変身を邪魔するものではありません
短い付き合いながらも、かおリンが本気で言ってるのが分かった。かおリンの攻撃でアクアマンを倒したら、魔王候補になるだけで、元も子もない。
「それを信じるほど、俺は馬鹿じゃない。骨を倒した後は、お前が出てくるんだろ!? なら、何も変わらない。どんな方法を使ってでも、お前達を倒すしか生きる道はないんだからな!!」
敵の言う言葉なんて簡単に信じられないよな。ましてや、魔王センリが何でもありと言ったんだから、嘘を付くなんて当然。卑怯という言葉は、魔界の辞書には存在しないだろう。
「信じようが信じまいが、私としてはどっちでも構わないけど。ポン骨もここまでお膳立てしたんだから。核だけは物理攻撃が通る事だけは忘れない事ね。それを潰せたら……」
かおリンはレイがいる場所まで後退していく。それだけで、レイへの不意討ちを、かおリンが守ってくれるという安心感がある。
「本当に下がるのか……馬鹿にしやがって!! 体はどうなってもいい。俺の本気を見せてやる!!」
アクアマンは舞台周囲の水を【オイル】と一緒に取り込み、形が保てない程ドロドロな状態ながらも肥大化していく。核も【オイル】のせいで、見え隠れする状態。しかも、水と【オイル】の層で、このままだと核まで攻撃が届かないまでに……
「【電気玉】!!」
そんなの悠長に待ってられるか!! 阻止するに決まってる。
「そこは待つべきところだろ!! 見せ場を邪魔するのと一緒だぞ」
「強くなるのを待つ程、俺も馬鹿じゃないぞ。見せ場というけど、【オイル】が混ざってる時点で不完全だろ。逆に格好悪いからな!!」
雷系の攻撃が嫌なのか、アクアマンは肥大化した一部を捨ててまで、【電気玉】に当たる事を避けた。
「この際、勝ちさえすれば、姿なんかどうでもいいんだよ」
アクアマンの捨てた一部が破裂し、石礫のような固さの水玉が周囲に広がっていく。それを避けたとして、周囲の水に戻ってしまう。
「くそっ!! 一部を削ってもこれか……」
アクアマンが体の一部を捨てたところで、それ自体が攻撃手段となっている。しかも、範囲攻撃のせいで、なかなか近付けない。

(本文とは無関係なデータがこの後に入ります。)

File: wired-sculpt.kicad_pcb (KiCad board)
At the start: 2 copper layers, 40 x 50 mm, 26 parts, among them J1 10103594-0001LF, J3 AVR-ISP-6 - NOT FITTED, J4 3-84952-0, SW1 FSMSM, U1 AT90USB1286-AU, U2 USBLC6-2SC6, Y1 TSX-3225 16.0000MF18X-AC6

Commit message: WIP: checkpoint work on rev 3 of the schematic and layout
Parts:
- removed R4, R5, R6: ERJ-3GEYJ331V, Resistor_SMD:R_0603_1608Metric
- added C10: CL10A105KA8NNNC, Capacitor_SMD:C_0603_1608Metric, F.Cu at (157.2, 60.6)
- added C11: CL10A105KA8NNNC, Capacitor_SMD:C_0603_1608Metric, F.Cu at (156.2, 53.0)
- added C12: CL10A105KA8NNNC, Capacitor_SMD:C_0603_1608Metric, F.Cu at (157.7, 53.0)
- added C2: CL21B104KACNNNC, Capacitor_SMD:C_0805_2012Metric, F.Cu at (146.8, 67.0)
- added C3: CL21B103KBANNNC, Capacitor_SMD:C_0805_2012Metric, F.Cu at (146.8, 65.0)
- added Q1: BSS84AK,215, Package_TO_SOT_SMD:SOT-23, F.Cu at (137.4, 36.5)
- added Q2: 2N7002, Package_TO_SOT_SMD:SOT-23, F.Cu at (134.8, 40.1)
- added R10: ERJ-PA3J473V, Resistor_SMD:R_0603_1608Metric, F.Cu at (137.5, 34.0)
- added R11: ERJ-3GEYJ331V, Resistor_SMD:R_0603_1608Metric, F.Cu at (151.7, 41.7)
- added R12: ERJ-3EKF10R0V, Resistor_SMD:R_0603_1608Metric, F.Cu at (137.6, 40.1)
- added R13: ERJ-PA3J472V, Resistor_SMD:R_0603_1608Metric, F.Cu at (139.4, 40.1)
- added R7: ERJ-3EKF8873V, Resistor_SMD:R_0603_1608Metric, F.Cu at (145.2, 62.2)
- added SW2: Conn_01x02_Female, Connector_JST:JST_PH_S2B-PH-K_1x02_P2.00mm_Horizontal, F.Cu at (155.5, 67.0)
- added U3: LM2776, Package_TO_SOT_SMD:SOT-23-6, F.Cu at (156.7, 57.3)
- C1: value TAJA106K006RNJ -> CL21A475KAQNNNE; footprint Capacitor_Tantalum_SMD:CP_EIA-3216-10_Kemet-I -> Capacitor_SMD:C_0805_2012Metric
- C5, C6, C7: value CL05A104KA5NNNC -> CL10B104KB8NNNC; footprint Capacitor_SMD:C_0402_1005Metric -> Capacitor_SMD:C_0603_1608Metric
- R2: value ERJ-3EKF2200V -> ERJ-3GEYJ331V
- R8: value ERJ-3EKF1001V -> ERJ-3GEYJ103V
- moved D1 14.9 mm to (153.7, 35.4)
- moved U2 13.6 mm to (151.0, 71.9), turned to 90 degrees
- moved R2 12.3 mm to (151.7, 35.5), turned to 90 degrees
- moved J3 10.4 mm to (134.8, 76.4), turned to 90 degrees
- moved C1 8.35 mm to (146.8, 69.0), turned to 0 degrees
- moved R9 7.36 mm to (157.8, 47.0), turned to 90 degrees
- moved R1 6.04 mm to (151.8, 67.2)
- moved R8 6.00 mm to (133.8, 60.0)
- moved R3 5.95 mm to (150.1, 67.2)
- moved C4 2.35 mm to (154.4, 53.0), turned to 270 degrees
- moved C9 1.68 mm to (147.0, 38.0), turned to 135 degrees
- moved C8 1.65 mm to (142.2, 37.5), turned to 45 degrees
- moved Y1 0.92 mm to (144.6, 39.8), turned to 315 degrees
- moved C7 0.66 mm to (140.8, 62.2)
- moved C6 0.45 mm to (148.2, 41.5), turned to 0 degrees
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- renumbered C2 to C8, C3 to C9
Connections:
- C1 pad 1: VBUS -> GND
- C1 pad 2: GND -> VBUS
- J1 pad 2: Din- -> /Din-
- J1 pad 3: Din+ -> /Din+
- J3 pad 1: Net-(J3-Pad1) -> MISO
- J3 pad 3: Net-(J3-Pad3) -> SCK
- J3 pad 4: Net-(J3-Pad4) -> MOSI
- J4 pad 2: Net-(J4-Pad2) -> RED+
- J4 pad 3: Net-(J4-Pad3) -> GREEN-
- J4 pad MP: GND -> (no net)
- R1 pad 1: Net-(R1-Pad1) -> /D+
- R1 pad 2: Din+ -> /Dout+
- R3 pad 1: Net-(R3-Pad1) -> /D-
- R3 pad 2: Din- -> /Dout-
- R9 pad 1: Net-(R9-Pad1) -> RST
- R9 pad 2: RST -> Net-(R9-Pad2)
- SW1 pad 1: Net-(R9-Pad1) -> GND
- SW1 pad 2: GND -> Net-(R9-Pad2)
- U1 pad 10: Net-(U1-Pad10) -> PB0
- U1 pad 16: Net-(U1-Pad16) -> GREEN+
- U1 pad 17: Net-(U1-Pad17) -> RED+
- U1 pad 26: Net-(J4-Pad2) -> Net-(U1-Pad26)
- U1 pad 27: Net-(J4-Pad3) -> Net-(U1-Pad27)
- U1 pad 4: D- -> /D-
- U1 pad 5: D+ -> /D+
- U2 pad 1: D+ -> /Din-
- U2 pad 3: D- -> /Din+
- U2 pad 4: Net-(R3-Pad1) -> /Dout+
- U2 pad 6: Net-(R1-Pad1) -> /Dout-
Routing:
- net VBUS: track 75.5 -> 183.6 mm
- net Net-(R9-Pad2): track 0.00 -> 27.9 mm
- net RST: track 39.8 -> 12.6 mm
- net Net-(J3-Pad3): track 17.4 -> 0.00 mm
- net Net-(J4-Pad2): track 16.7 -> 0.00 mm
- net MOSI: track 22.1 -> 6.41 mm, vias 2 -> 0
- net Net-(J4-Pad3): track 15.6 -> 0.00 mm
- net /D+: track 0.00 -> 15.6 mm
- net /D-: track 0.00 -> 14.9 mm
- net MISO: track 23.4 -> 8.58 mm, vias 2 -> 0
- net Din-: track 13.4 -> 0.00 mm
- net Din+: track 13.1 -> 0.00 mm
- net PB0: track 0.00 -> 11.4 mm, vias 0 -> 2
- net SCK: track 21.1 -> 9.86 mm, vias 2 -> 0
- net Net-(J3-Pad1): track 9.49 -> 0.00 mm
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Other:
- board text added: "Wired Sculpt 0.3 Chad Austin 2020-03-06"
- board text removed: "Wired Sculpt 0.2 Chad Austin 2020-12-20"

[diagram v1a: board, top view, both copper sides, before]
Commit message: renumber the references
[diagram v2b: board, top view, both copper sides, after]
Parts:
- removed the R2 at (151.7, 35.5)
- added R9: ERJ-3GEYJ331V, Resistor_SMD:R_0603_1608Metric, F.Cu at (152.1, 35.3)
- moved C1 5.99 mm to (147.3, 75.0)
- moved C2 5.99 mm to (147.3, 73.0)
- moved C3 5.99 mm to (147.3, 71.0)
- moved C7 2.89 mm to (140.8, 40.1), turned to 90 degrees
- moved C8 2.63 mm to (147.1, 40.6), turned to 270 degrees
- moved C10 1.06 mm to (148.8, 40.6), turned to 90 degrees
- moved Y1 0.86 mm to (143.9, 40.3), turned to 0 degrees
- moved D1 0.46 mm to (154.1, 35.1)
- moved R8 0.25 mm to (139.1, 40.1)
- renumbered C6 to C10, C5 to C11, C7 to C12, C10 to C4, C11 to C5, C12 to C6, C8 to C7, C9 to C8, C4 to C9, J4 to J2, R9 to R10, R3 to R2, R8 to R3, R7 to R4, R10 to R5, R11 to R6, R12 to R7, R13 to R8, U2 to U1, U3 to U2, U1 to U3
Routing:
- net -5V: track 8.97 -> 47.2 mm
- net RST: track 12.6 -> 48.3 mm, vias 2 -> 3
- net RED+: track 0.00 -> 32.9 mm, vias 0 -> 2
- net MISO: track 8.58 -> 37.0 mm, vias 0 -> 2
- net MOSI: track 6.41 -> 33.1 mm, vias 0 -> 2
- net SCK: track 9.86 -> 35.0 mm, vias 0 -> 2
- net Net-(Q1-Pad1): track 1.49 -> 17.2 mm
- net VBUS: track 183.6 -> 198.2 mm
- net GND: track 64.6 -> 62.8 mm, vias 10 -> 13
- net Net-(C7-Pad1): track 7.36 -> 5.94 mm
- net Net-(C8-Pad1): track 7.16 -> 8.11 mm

「残念だったな。お前を取り込んで、粉々に圧縮してやるから」
アクアマンは舞台の1/3の大きさまで肥大化し、姿はドロドロとした手の形に変化した。掴まれるどころか、指に触れただけでも、形成された水と【オイル】の中に取り込まれそうだ。
「……その大きさは反則だろ」
【電気玉】じゃなく、【オイル】付きの【石ころ】を飛ばしてみるけど、貫くどころか、アクアマンの核まで届かない。途中で砕け散る始末。俺の頭蓋骨もアクアマンに取り込まれたら、さっきの【石ころ】みたいに粉砕されてしまうかもしれない。
「レイの【ポルターガイスト】で【石ころ】のスピードを上げても無理……じゃなくて、攻撃範囲が広すぎる!!」
アクアマンの攻撃を避けるために、レイの【ポルターガイスト】が必要までになってる。